Der allgemeine Beitragssatz zur gesetzlichen Krankenversicherung steigt zum 1. Januar auf 15,5 Prozent des Bruttoeinkommens. Da der Arbeitgeberanteil dauerhaft bei 7,3 Prozent „eingefroren“ ist, zahlen die Arbeitnehmer somit ab dem neuen Jahr insgesamt 8,2 Prozent ihres Bruttoeinkommens für die Gesundheit. Falls eine gesetzliche Krankenkasse Zusatzbeiträge erheben muss, wird dieser als einkommensunabhängiger Betrag direkt vom Mitglied an die Kasse gezahlt. Über die Höhe eines solchen Zusatzbeitrags entscheidet jede Kasse selbst. Die meisten Kassen benötigen 2011 vermutlich keinen Zusatzbeitrag. Die Höchstbelastung eines Kassenmitglieds liegt bei zwei Prozent seines beitragspflichtigen Einkommens. Verlangt die Kasse einen höheren Zusatzbeitrag, gibt es einen Zuschuss aus Steuergeldern.

Die Mindestbindungsfrist für so genannte Wahltarife in einer gesetzlichen Krankenkasse verkürzt sich für die Versicherten von drei Jahren auf ein Jahr. Das bedeutet: Erhebt eine Kasse beispielsweise einen Zusatzbeitrag, so können auch Mitglieder, die in einem Wahltarif sind, ein Sonderkündigungsrecht in Anspruch nehmen.

Die Grenzen für die Versicherungspflicht werden 2011 gesenkt.
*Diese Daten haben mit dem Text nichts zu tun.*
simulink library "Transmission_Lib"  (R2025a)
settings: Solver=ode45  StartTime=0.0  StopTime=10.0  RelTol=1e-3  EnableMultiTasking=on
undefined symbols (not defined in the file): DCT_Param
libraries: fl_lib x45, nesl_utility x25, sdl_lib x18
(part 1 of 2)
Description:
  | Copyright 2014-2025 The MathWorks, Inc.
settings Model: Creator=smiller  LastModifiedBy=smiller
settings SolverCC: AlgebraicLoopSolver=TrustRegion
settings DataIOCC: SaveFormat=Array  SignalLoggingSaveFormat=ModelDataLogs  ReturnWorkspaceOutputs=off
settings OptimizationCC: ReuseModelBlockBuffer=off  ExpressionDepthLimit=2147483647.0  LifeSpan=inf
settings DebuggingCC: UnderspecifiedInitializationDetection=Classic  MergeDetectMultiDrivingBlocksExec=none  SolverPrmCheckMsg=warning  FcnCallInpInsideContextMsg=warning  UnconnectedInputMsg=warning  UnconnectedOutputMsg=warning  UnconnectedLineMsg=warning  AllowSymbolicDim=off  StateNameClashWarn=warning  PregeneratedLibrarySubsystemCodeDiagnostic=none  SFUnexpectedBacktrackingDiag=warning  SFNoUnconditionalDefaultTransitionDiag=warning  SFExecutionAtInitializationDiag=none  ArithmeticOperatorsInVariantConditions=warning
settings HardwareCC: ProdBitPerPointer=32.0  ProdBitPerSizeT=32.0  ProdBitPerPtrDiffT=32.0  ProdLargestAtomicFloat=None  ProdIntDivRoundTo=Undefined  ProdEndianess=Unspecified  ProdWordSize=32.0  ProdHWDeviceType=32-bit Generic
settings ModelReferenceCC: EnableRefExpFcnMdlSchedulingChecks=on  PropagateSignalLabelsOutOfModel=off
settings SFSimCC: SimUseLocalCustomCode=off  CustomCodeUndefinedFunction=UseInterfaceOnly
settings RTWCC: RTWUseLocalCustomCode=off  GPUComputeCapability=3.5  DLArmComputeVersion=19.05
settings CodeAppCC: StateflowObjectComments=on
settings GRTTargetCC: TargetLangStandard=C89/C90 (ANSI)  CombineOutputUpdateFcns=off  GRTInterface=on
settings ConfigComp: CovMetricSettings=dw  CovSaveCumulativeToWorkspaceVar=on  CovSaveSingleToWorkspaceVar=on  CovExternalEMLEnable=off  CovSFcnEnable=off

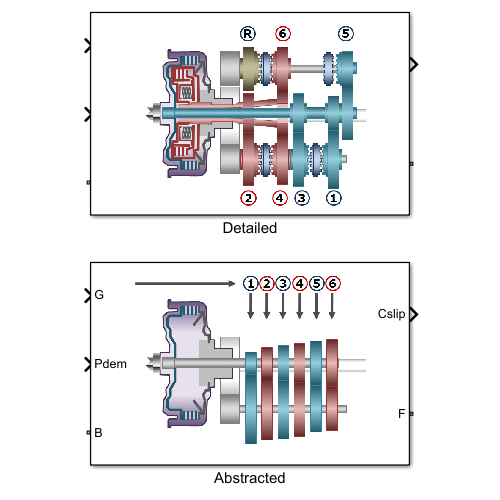
[thumbnail: Simulink's stored preview of the top-level diagram]
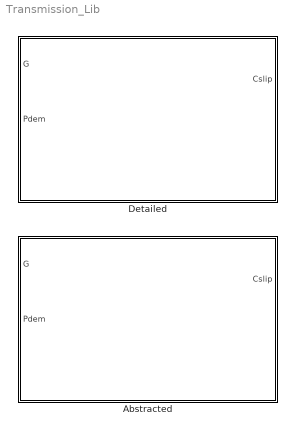
== system Transmission_Lib ==
  Abstracted : Subsystem
      mask Display: image(imread('DCT_Transmission_Abstracted_IMAGE2.jpg'));
  Detailed : Subsystem
      mask Display: image(imread('DCT_Transmission_IMAGE2.jpg'));

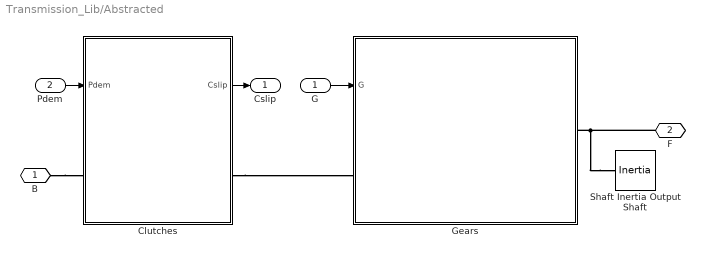
== system Transmission_Lib/Abstracted ==
  G : Inport
  Pdem : Inport  Port=2
  Clutches : Subsystem
      mask Display: image(imread('DCT_Clutches_Abstracted_IMAGE.jpg'));
  Gears : Subsystem
      mask Display: image(imread('DCT_Gears_Abstracted_IMAGE.jpg'));
  Shaft Inertia Output Shaft : fl_lib/Mechanical/Rotational Elements/Inertia  inertia=DCT_Param.Transmission.Shaft_Inertia_Output kg*m^2  num_ports=foundation.enum.numPorts2.one  w_specify=on  w_priority=High  w=DCT_Param.Transmission.Shaft_Velocity_Output rad/s  w_nominal_specify=off  w_nominal_value=1  w_nominal_unit=rad/s  t_specify=off  t_priority=High  t=0 N*m  t_nominal_specify=off  t_nominal_value=1  t_nominal_unit=N*m
  B : PMIOPort  Side=Left
  F : PMIOPort  Port=2  Side=Right
  Cslip : Outport  VectorParamsAs1DForOutWhenUnconnected=off
  wires:
  G/1 -> Gears/1(G)
  Clutches/1(Cslip) -> Cslip/1
  Pdem/1 -> Clutches/1(Pdem)
  connections:
  Shaft Inertia Output Shaft/LConn1 -- F/RConn1 -- Gears/RConn1
  Clutches/RConn1 -- Gears/LConn1
  B/RConn1 -- Clutches/LConn1

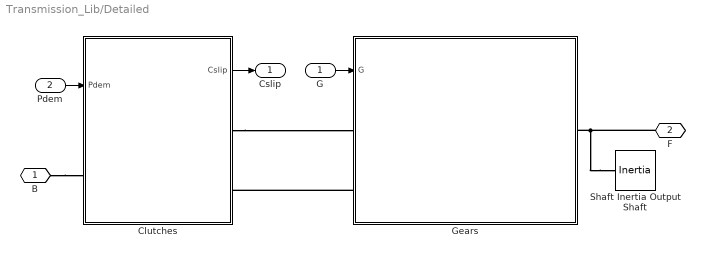
== system Transmission_Lib/Detailed ==
  G : Inport
  Pdem : Inport  Port=2
  Clutches : Subsystem
      mask Display:
      | image(imread('DCT_Clutches_IMAGE.jpg'));
      | port_label('input',1,'Pdem')
      | port_label('output',1,'Cslip')
      | port_label('LConn',1,'ICE')
      | port_label('RConn',1,'Odd')
      | port_label('RConn',2,'Even')
  Gears : Subsystem
      mask Display:
      | image(imread('DCT_Gears_IMAGE.jpg'));
      | port_label('input',1,'G')
      | port_label('LConn',1,'Odd')
      | port_label('LConn',2,'Even')
      | port_label('RConn',1,'F')
  Shaft Inertia Output Shaft : fl_lib/Mechanical/Rotational Elements/Inertia  inertia=DCT_Param.Transmission.Shaft_Inertia_Output kg*m^2  num_ports=foundation.enum.numPorts2.one  w_specify=on  w_priority=High  w=DCT_Param.Transmission.Shaft_Velocity_Output rad/s  w_nominal_specify=off  w_nominal_value=1  w_nominal_unit=rad/s  t_specify=off  t_priority=High  t=0 N*m  t_nominal_specify=off  t_nominal_value=1  t_nominal_unit=N*m
  B : PMIOPort  Side=Left
  F : PMIOPort  Port=2  Side=Right
  Cslip : Outport  VectorParamsAs1DForOutWhenUnconnected=off
  wires:
  G/1 -> Gears/1(G)
  Clutches/1(Cslip) -> Cslip/1
  Pdem/1 -> Clutches/1(Pdem)
  connections:
  Gears/LConn2 -- Clutches/RConn2
  Shaft Inertia Output Shaft/LConn1 -- F/RConn1 -- Gears/RConn1
  Clutches/RConn1 -- Gears/LConn1
  B/RConn1 -- Clutches/LConn1

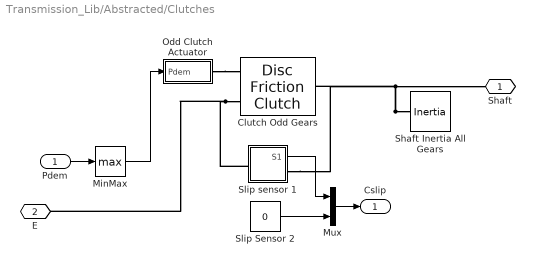
== system Transmission_Lib/Abstracted/Clutches ==
  Pdem : Inport
  Clutch Odd Gears : sdl_lib/Clutches/Disc Friction Clutch  geometry_model=1  r_eff=DCT_Param.Clutch.Torque_Radius mm  d_o=150 mm  d_i=100 mm  nS=DCT_Param.Clutch.Num_Friction_Surfaces  piston_area=DCT_Param.Clutch.Engagement_Piston_Area m^2  unidirectional=0  friction_model=1  mu_w_vector=[ 0 0.1 0.2 0.3 0.4 0.5 1 2 5 10 100 1000 ] rad/s  temperature_TLU=[280.0, 300.0, 320.0] K  mu_static=DCT_Param.Clutch.Static_Friction_Coeff  mu_static_vector=[0.4, 0.38, 0.36]  mu_coulomb=DCT_Param.Clutch.Kinetic_Friction_Coeff  mu_coulomb_vector=[ 0.29 0.28 0.26 0.22 0.21 0.2 0.2 0.19 0.19 0.19 0.19 0.19 ]  mu_coulomb_temp_vector=[0.3, 0.28, 0.25]  mu_coulomb_matrix=[0.34, 0.32, 0.3; 0.3, 0.28, 0.25; 0.25, 0.2, 0.15]  mu_interp_method=1  mu_extrap_method=1  d_f=DCT_Param.Clutch.Derating_Factor  w_tol=DCT_Param.Clutch.Clutch_Velocity_Tolerance rad/s  pressure_min=DCT_Param.Clutch.Threshold_Pressure Pa  mu_visc=DCT_Param.Clutch.Drag_Torque_Coeff N*m/(rad/s)  initial_state_locked=0  thermal_mass=25 kJ/K  T_init=300 K
      settings: InternalSimscapePortConfiguration="{\"Bottom\":[],\"Left\":[{\"id\":\"P\",\"label\":\"P\",\"type\":\"input\"},{\"id\":\"B\",\"label\":\"B\",\"type\":\"foundation.mechanical.rotational.rotational\"}],\"Right\":[{\"id\":\"F\",\"label\":\"F\",\"type\":\"foundation.mechanical.rotational.rotational\"}],\"Top\":[]}"
  MinMax : MinMax  Function=max
  Mux : Mux  Inputs=2
  Odd Clutch Actuator : Subsystem
  Shaft Inertia All Gears : fl_lib/Mechanical/Rotational Elements/Inertia  inertia=DCT_Param.Transmission.Shaft_Inertia_Odd kg*m^2  num_ports=foundation.enum.numPorts2.one  w_specify=on  w_priority=High  w=DCT_Param.Transmission.Shaft_Velocity_Odd rad/s  w_nominal_specify=off  w_nominal_value=1  w_nominal_unit=rad/s  t_specify=off  t_priority=High  t=0 N*m  t_nominal_specify=off  t_nominal_value=1  t_nominal_unit=N*m
  Slip Sensor 2 : Constant  Value=0
  Slip sensor 1 : Subsystem
  Shaft : PMIOPort  Side=Right
  E : PMIOPort  Port=2  Side=Left
  Cslip : Outport  VectorParamsAs1DForOutWhenUnconnected=off
  wires:
  Slip Sensor 2/1 -> Mux/2
  MinMax/1 -> Odd Clutch Actuator/1(Pdem)
  Pdem/1 -> MinMax/1
  Mux/1 -> Cslip/1
  Slip sensor 1/1(S1) -> Mux/1
  connections:
  Shaft Inertia All Gears/LConn1 -- Shaft/RConn1 -- Clutch Odd Gears/RConn1 -- Slip sensor 1/RConn1
  Odd Clutch Actuator/RConn1 -- Clutch Odd Gears/LConn1
  Clutch Odd Gears/LConn2 -- Slip sensor 1/LConn1 -- E/RConn1

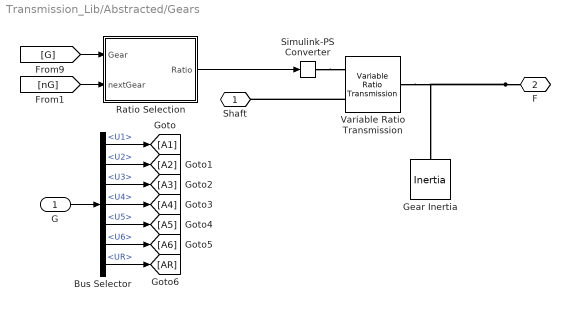
== system Transmission_Lib/Abstracted/Gears ==
  G : Inport
  Bus Selector : BusSelector  OutputSignals=U1,U2,U3,U4,U5,U6,UR
  Gear Inertia : fl_lib/Mechanical/Rotational Elements/Inertia  inertia=DCT_Param.Transmission.Gear_Inertia kg*m^2  num_ports=foundation.enum.numPorts2.one  w_specify=on  w_priority=High  w=0 rad/s  w_nominal_specify=off  w_nominal_value=1  w_nominal_unit=rad/s  t_specify=off  t_priority=High  t=0 N*m  t_nominal_specify=off  t_nominal_value=1  t_nominal_unit=N*m
  Ratio Selection : Subsystem
  Simulink-PS Converter : nesl_utility/Simulink-PS Converter  PhysicalDomain=network_engine_domain  SubClassName=ps_input  LeftPortType=input  RightPortType=output  PseudoPeriodic=off  Frequencies=[]  NoiseDistribution=none  NoiseParameters=[]  Unit=1  AffineConversion=off  FilteringAndDerivatives=zero  SimscapeFilterOrder=1  InputFilterTimeConstant=0.005  UdotUserProvided=0
  Variable Ratio Transmission : sdl_lib/Couplings & Drives/Variable Ratio Transmission  rotation_direction=3-2*(2)  kp=DCT_Param.Transmission.Abstract.Compliance N*m/rad  kv=DCT_Param.Transmission.Abstract.Damping N*m/(rad/s)  initial_torque=0 N*m  ratio_thr=0.01  losses_model=(1)-1  efficiency=0.85  pwr_thr=0.001 W  mu_visc=[ 0 0 ] N*m/(rad/s)
      settings: InternalSimscapePortConfiguration="{\"Bottom\":[],\"Left\":[{\"id\":\"ratio\",\"label\":\"r\",\"type\":\"input\"},{\"id\":\"B\",\"label\":\"B\",\"type\":\"foundation.mechanical.rotational.rotational\"}],\"Right\":[{\"id\":\"F\",\"label\":\"F\",\"type\":\"foundation.mechanical.rotational.rotational\"}],\"Top\":[]}"
  Shaft : PMIOPort  Side=Left
  F : PMIOPort  Port=2  Side=Right
  wires:
  [G] -> Ratio Selection/1(Gear)
  Ratio Selection/1(Ratio) -> Simulink-PS Converter/1
  Bus Selector/7 -> [AR]  "<UR>"
  Bus Selector/6 -> [A6]  "<U6>"
  Bus Selector/5 -> [A5]  "<U5>"
  Bus Selector/4 -> [A4]  "<U4>"
  Bus Selector/3 -> [A3]  "<U3>"
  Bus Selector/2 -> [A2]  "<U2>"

Arbeitnehmer dürfen sich ab dem darauf folgenden Jahr privat versichern und der gesetzlichen Kranken- und Pflegeversicherung den Rücken kehren, wenn ihr Einkommen über 49.500 brutto liegt, für 2010 lag diese Grenze noch bei 49.950 Euro. Wichtig: Bisher musste das Einkommen drei Jahre am Stück über der jeweiligen Versicherungspflichtgrenze liegen, um zu einem privaten Anbieter wechseln zu können. Künftig verringert sich diese so genannte Wartefrist auf ein Jahr.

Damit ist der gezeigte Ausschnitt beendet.